Data items:

+-------+

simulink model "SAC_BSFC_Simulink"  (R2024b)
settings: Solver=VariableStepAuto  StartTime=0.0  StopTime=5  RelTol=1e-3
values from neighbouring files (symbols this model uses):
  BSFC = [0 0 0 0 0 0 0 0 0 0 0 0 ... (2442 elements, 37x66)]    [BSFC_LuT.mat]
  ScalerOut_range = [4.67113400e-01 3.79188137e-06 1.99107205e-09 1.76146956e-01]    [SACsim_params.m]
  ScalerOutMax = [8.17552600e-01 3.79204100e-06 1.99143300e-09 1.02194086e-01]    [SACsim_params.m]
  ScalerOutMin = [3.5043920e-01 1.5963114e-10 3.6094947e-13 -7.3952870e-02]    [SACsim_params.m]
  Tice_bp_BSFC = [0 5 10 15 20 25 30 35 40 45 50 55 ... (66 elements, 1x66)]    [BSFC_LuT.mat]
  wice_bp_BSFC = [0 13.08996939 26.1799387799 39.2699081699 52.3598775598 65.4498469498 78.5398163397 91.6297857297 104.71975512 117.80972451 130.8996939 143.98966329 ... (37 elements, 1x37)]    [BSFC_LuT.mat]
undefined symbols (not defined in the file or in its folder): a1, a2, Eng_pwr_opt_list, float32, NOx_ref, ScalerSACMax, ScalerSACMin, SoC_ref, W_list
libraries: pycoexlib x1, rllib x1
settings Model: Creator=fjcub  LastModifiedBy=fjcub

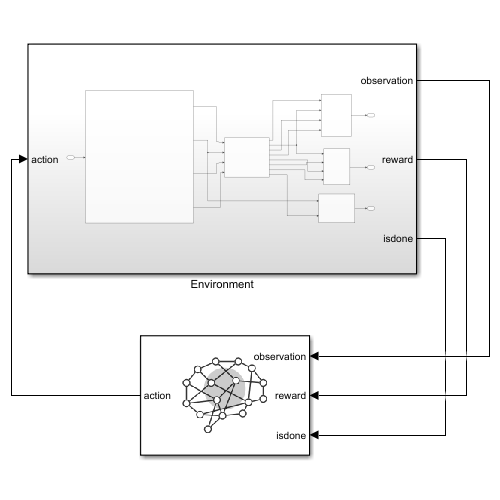
[thumbnail: Simulink's stored preview of the top-level diagram]
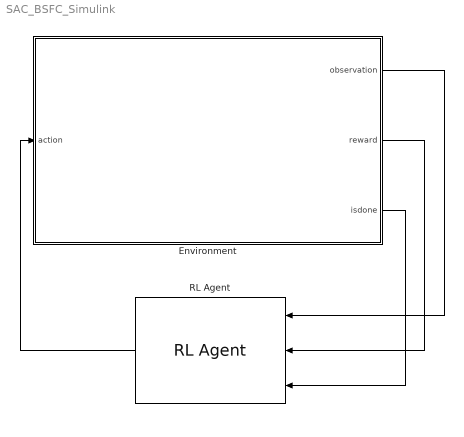
== system SAC_BSFC_Simulink ==
  Environment : Subsystem
  RL Agent : rllib/RL Agent  Agent=agent  ExternalActionAsInput=off  ProvideLastAction=off  ProvideCumRwd=off  TreatAsDirectFeedthrough=on  UseStrictObservationDataTypes=off
  wires:
  Environment/1(observation) -> RL Agent/1
  Environment/2(reward) -> RL Agent/2
  Environment/3(isdone) -> RL Agent/3
  RL Agent/1 -> Environment/1(action)

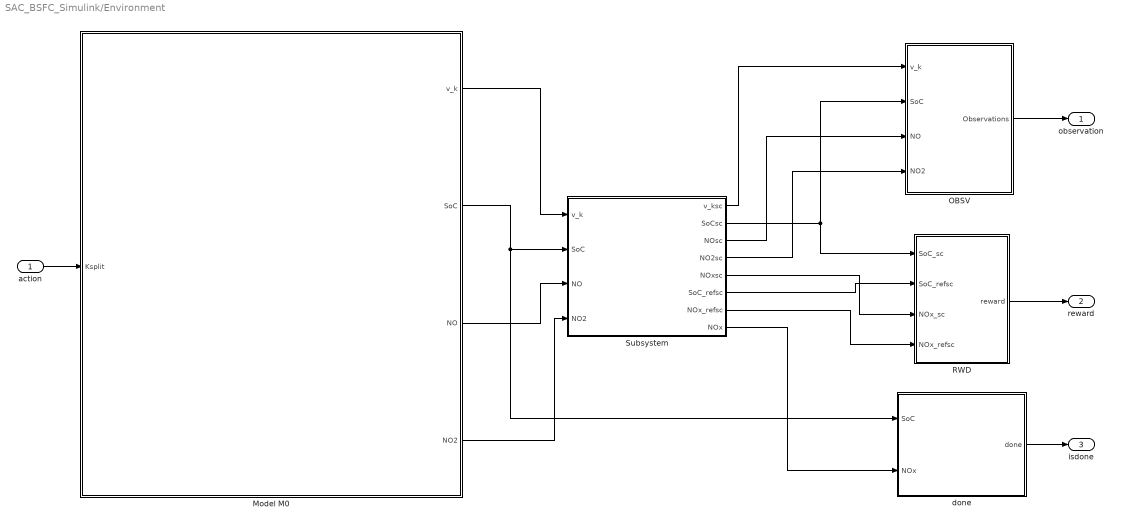
== system SAC_BSFC_Simulink/Environment ==
  action : Inport
  Model M0 : Subsystem
  OBSV : Subsystem
  RWD : Subsystem
  Subsystem : Subsystem
  done : Subsystem
  observation : Outport
  reward : Outport  Port=2
  isdone : Outport  Port=3
  wires:
  OBSV/1(Observations) -> observation/1
  action/1 -> Model M0/1(Ksplit)
  RWD/1(reward) -> reward/1
  done/1(done) -> isdone/1
  Model M0/1(v_k) -> Subsystem/1(v_k)
  Model M0/2(SoC) -> done/1(SoC), Subsystem/2(SoC)
  Model M0/3(NO) -> Subsystem/3(NO)
  Model M0/4(NO2) -> Subsystem/4(NO2)
  Subsystem/8(NOx) -> done/2(NOx)
  Subsystem/7(NOx_refsc) -> RWD/4(NOx_refsc)
  Subsystem/5(NOxsc) -> RWD/3(NOx_sc)
  Subsystem/6(SoC_refsc) -> RWD/2(SoC_refsc)
  Subsystem/2(SoCsc) -> OBSV/2(SoC), RWD/1(SoC_sc)
  Subsystem/1(v_ksc) -> OBSV/1(v_k)
  Subsystem/3(NOsc) -> OBSV/3(NO)
  Subsystem/4(NO2sc) -> OBSV/4(NO2)

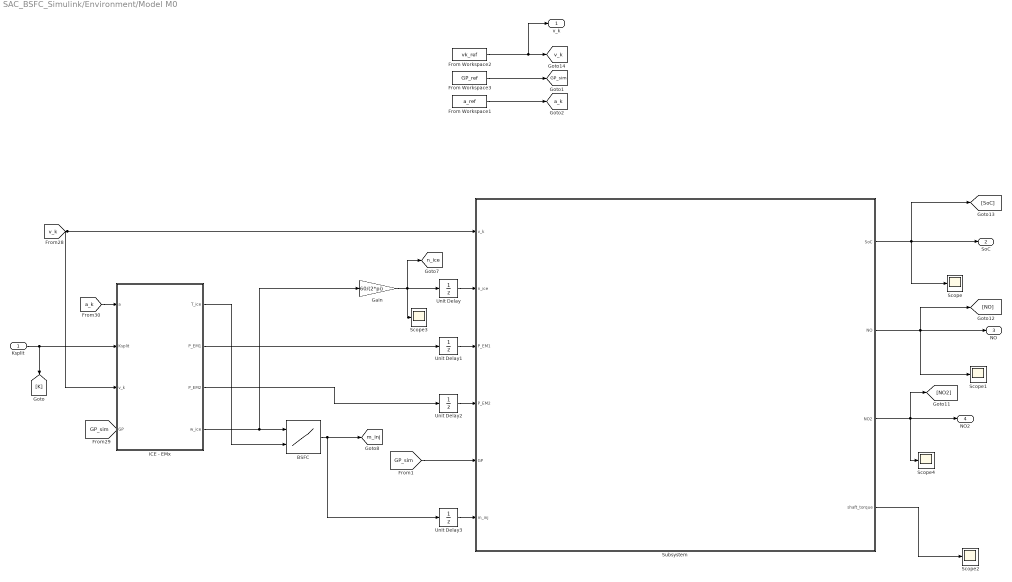
== system SAC_BSFC_Simulink/Environment/Model M0 ==
  Ksplit : Inport
  BSFC : Lookup_n-D  BreakpointsForDimension1=wice_bp_BSFC  BreakpointsForDimension2=Tice_bp_BSFC  Table=BSFC  InternalRulePriority=Speed  RndMeth=Simplest
      settings: InputPortMap=u0,u1
  From Workspace1 : FromWorkspace  VariableName=a_ref  SampleTime=1
  From Workspace2 : FromWorkspace  VariableName=vk_ref  SampleTime=1
  From Workspace3 : FromWorkspace  VariableName=GP_ref  SampleTime=1
  Gain : Gain  Gain=60/(2*pi)
  ICE - EMx : Subsystem
  Scope{,1..4} (5 alike) : Scope
  Subsystem : Subsystem
  Unit Delay{,1..3} (4 alike) : UnitDelay  SampleTime=-1  HasFrameUpgradeWarning=on
  v_k : Outport
  SoC : Outport  Port=2
  NO : Outport  Port=3
  NO2 : Outport  Port=4
  tag scope: GP_sim=global, a_k=global, m_inj=global, n_ice=global, v_k=global
  wires:
  From Workspace1/1 -> [a_k]
  From Workspace3/1 -> [GP_sim]
  From Workspace2/1 -> v_k/1, [v_k]
  Gain/1 -> Unit Delay/1, [n_ice], Scope3/1
  ICE - EMx/1(T_ice) -> BSFC/2
  Subsystem/4(shaft_torque) -> Scope2/1
  [GP_sim] -> ICE - EMx/4(GP)
  Subsystem/2(NO) -> Scope1/1, NO/1, [NO]
  [v_k] -> ICE - EMx/3(v_k), Subsystem/1(v_k)
  ICE - EMx/3(P_EM2) -> Unit Delay2/1
  Subsystem/1(SoC) -> Scope/1, SoC/1, [SoC]
  ICE - EMx/2(P_EM1) -> Unit Delay1/1
  [a_k] -> ICE - EMx/1(a)
  BSFC/1 -> Unit Delay3/1, [m_inj]
  [GP_sim] -> Subsystem/5(GP)
  ICE - EMx/4(w_ice) -> Gain/1, BSFC/1
  Ksplit/1 -> ICE - EMx/2(Ksplit), [K]
  Subsystem/3(NO2) -> [NO2], NO2/1, Scope4/1
  Unit Delay/1 -> Subsystem/2(n_ice)
  Unit Delay1/1 -> Subsystem/3(P_EM1)
  Unit Delay2/1 -> Subsystem/4(P_EM2)
  Unit Delay3/1 -> Subsystem/6(m_inj)

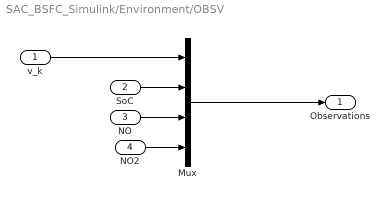
== system SAC_BSFC_Simulink/Environment/OBSV ==
  v_k : Inport
  SoC : Inport  Port=2
  NO : Inport  Port=3
  NO2 : Inport  Port=4
  Mux : Mux
  Observations : Outport
  wires:
  v_k/1 -> Mux/1
  SoC/1 -> Mux/2
  NO2/1 -> Mux/4
  NO/1 -> Mux/3
  Mux/1 -> Observations/1

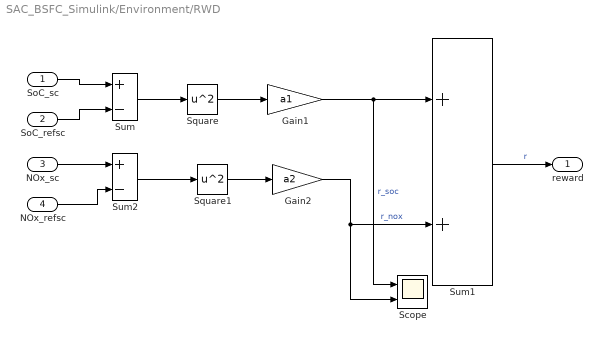
== system SAC_BSFC_Simulink/Environment/RWD ==
  SoC_sc : Inport
  SoC_refsc : Inport  Port=2
  NOx_sc : Inport  Port=3
  NOx_refsc : Inport  Port=4
  Gain1 : Gain  Gain=a1
  Gain2 : Gain  Gain=a2
  Scope : Scope  NumInputPorts=2
  Square : Math  Operator=square
  Square1 : Math  Operator=square
  Sum : Sum  Inputs=+-
  Sum1 : Sum
  Sum2 : Sum  Inputs=+-
  reward : Outport
  wires:
  Sum1/1 -> reward/1  "r"
  Sum/1 -> Square/1
  Square1/1 -> Gain2/1
  Sum2/1 -> Square1/1
  Gain1/1 -> Sum1/1, Scope/1  "r_soc"
  Gain2/1 -> Scope/2, Sum1/2  "r_nox"
  Square/1 -> Gain1/1
  SoC_sc/1 -> Sum/1
  SoC_refsc/1 -> Sum/2
  NOx_sc/1 -> Sum2/1
  NOx_refsc/1 -> Sum2/2

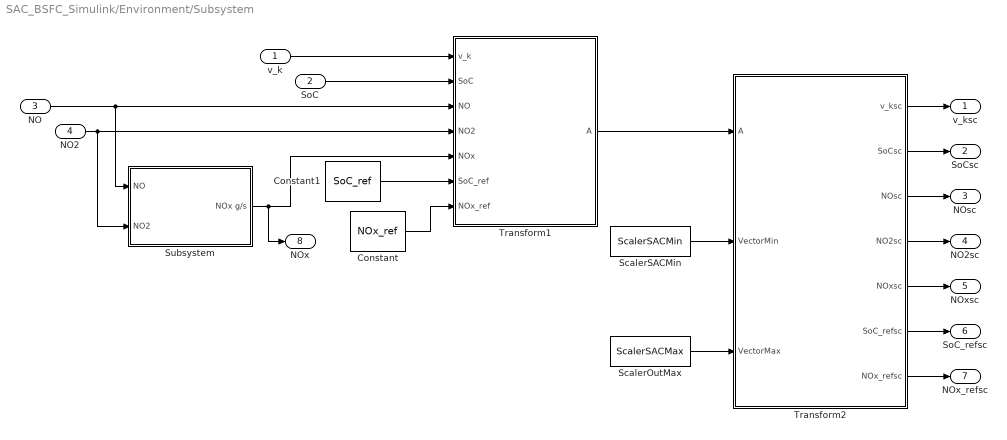
== system SAC_BSFC_Simulink/Environment/Subsystem ==
  v_k : Inport
  SoC : Inport  Port=2
  NO : Inport  Port=3
  NO2 : Inport  Port=4
  Constant : Constant  Value=NOx_ref
  Constant1 : Constant  Value=SoC_ref
  ScalerOutMax : Constant  Value=ScalerSACMax
  ScalerSACMin : Constant  Value=ScalerSACMin
  Subsystem : Subsystem
  Transform1 : MATLAB Function  TreatAsAtomicUnit=on
  Transform2 : MATLAB Function  TreatAsAtomicUnit=on
  v_ksc : Outport
  SoCsc : Outport  Port=2
  NOsc : Outport  Port=3
  NO2sc : Outport  Port=4
  NOxsc : Outport  Port=5
  SoC_refsc : Outport  Port=6
  NOx_refsc : Outport  Port=7
  NOx : Outport  Port=8
  wires:
  v_k/1 -> Transform1/1(v_k)
  SoC/1 -> Transform1/2(SoC)
  NO/1 -> Transform1/3(NO), Subsystem/1(NO)
  NO2/1 -> Subsystem/2(NO2), Transform1/4(NO2)
  Constant/1 -> Transform1/7(NOx_ref)
  Constant1/1 -> Transform1/6(SoC_ref)
  Subsystem/1(NOx g/s) -> Transform1/5(NOx), NOx/1
  Transform2/7(NOx_refsc) -> NOx_refsc/1
  Transform2/6(SoC_refsc) -> SoC_refsc/1
  Transform2/5(NOxsc) -> NOxsc/1
  Transform2/4(NO2sc) -> NO2sc/1
  Transform2/3(NOsc) -> NOsc/1
  Transform2/2(SoCsc) -> SoCsc/1
  Transform1/1(A) -> Transform2/1(A)
  ScalerSACMin/1 -> Transform2/2(VectorMin)
  ScalerOutMax/1 -> Transform2/3(VectorMax)
  Transform2/1(v_ksc) -> v_ksc/1

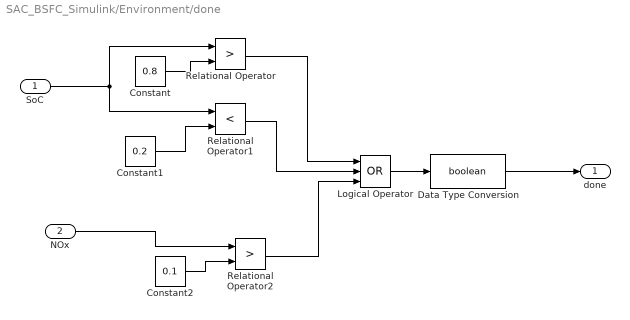
== system SAC_BSFC_Simulink/Environment/done ==
  SoC : Inport
  NOx : Inport  Port=2
  Constant : Constant  Value=0.8
  Constant1 : Constant  Value=0.2
  Constant2 : Constant  Value=0.1
  Data Type Conversion : DataTypeConversion  OutDataTypeStr=boolean  SaturateOnIntegerOverflow=off  RndMeth=Floor
  Logical Operator : Logic  Operator=OR  Inputs=3  AllPortsSameDT=off  OutDataTypeStr=boolean
  Relational Operator : RelationalOperator  Operator=>  OutDataTypeStr=boolean  RndMeth=Simplest  InputSameDT=off
  Relational Operator1 : RelationalOperator  Operator=<  OutDataTypeStr=boolean  RndMeth=Simplest  InputSameDT=off
  Relational Operator2 : RelationalOperator  Operator=>  OutDataTypeStr=boolean  RndMeth=Simplest  InputSameDT=off
  done : Outport
  wires:
  Logical Operator/1 -> Data Type Conversion/1
  Relational Operator/1 -> Logical Operator/1
  Relational Operator1/1 -> Logical Operator/2
  SoC/1 -> Relational Operator1/1, Relational Operator/1
  Constant1/1 -> Relational Operator1/2
  Constant/1 -> Relational Operator/2
  Constant2/1 -> Relational Operator2/2
  NOx/1 -> Relational Operator2/1
  Relational Operator2/1 -> Logical Operator/3
  Data Type Conversion/1 -> done/1

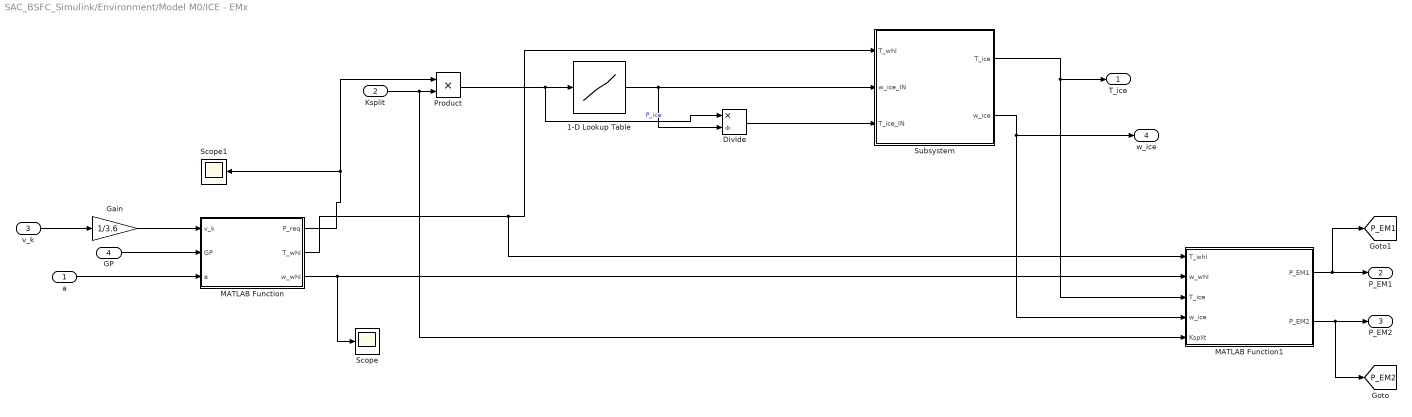
== system SAC_BSFC_Simulink/Environment/Model M0/ICE - EMx ==
  a : Inport
  Ksplit : Inport  Port=2
  v_k : Inport  Port=3
  GP : Inport  Port=4
  1-D Lookup Table : Lookup_n-D  NumberOfTableDimensions=1  BreakpointsForDimension1=Eng_pwr_opt_list  Table=W_list  InternalRulePriority=Speed  RndMeth=Simplest
  Divide : Product  Inputs=*/
  Gain : Gain  Gain=1/3.6
  MATLAB Function : MATLAB Function  TreatAsAtomicUnit=on
  MATLAB Function1 : MATLAB Function  TreatAsAtomicUnit=on
  Product : Product
  Scope : Scope
  Scope1 : Scope
  Subsystem : Subsystem
  T_ice : Outport
  P_EM1 : Outport  Port=2
  P_EM2 : Outport  Port=3
  w_ice : Outport  Port=4
  tag scope: P_EM1=global, P_EM2=global
  wires:
  MATLAB Function1/2(P_EM2) -> [P_EM2], P_EM2/1
  MATLAB Function1/1(P_EM1) -> [P_EM1], P_EM1/1
  MATLAB Function/3(w_whl) -> MATLAB Function1/2(w_whl), Scope/1
  Ksplit/1 -> MATLAB Function1/5(Ksplit), Product/2
  MATLAB Function/1(P_req) -> Product/1, Scope1/1
  GP/1 -> MATLAB Function/2(GP)
  Gain/1 -> MATLAB Function/1(v_k)
  v_k/1 -> Gain/1
  a/1 -> MATLAB Function/3(a)
  Subsystem/1(T_ice) -> T_ice/1, MATLAB Function1/3(T_ice)
  MATLAB Function/2(T_whl) -> MATLAB Function1/1(T_whl), Subsystem/1(T_whl)
  Subsystem/2(w_ice) -> MATLAB Function1/4(w_ice), w_ice/1
  Product/1 -> Divide/1, 1-D Lookup Table/1  "P_ice"
  Divide/1 -> Subsystem/3(T_ice_IN)
  1-D Lookup Table/1 -> Divide/2, Subsystem/2(w_ice_IN)

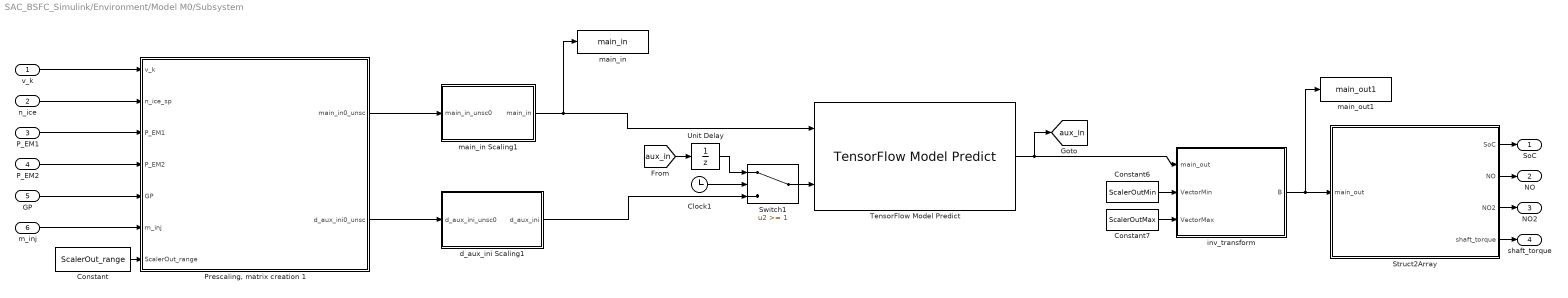
== system SAC_BSFC_Simulink/Environment/Model M0/Subsystem ==
  v_k : Inport
  n_ice : Inport  Port=2
  P_EM1 : Inport  Port=3
  P_EM2 : Inport  Port=4
  GP : Inport  Port=5
  m_inj : Inport  Port=6
  Clock1 : Clock
  Constant : Constant  Value=ScalerOut_range
  Constant6 : Constant  Value=ScalerOutMin
  Constant7 : Constant  Value=ScalerOutMax
  "Prescaling, matrix creation 1" : MATLAB Function  TreatAsAtomicUnit=on
  Struct2Array : MATLAB Function  TreatAsAtomicUnit=on
  Switch1 : Switch  Threshold=1  OutDataTypeStr=double  SaturateOnIntegerOverflow=off  InputSameDT=off
  TensorFlow Model Predict : pycoexlib/TensorFlow Model Predict  ModelFile=C:\Users\fjcub\Documents\UPC\INIREC\CORNET\Models\model.h5  InputTable={ 'main_in', 'float32', '', '3'; 'aux_in', 'float32', '', '3' }  OutputTable={ 'main_out', '', '' }  SampleTime=1  InputDatatypes=float32,float32  InputNumDims=3,3  InputPermutations=[],[]  OutputPermutations=[]  PythonCoexecutionBlockType=TensorFlowModelBlock  VariableOutputMaxSizes=[]
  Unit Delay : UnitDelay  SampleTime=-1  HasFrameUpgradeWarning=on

+-------+

- _Try it_:
Tell how many lines of the entries above include "InternalRulePriority". The answer should be the number and nothing more.

- _Exercise answer_:
2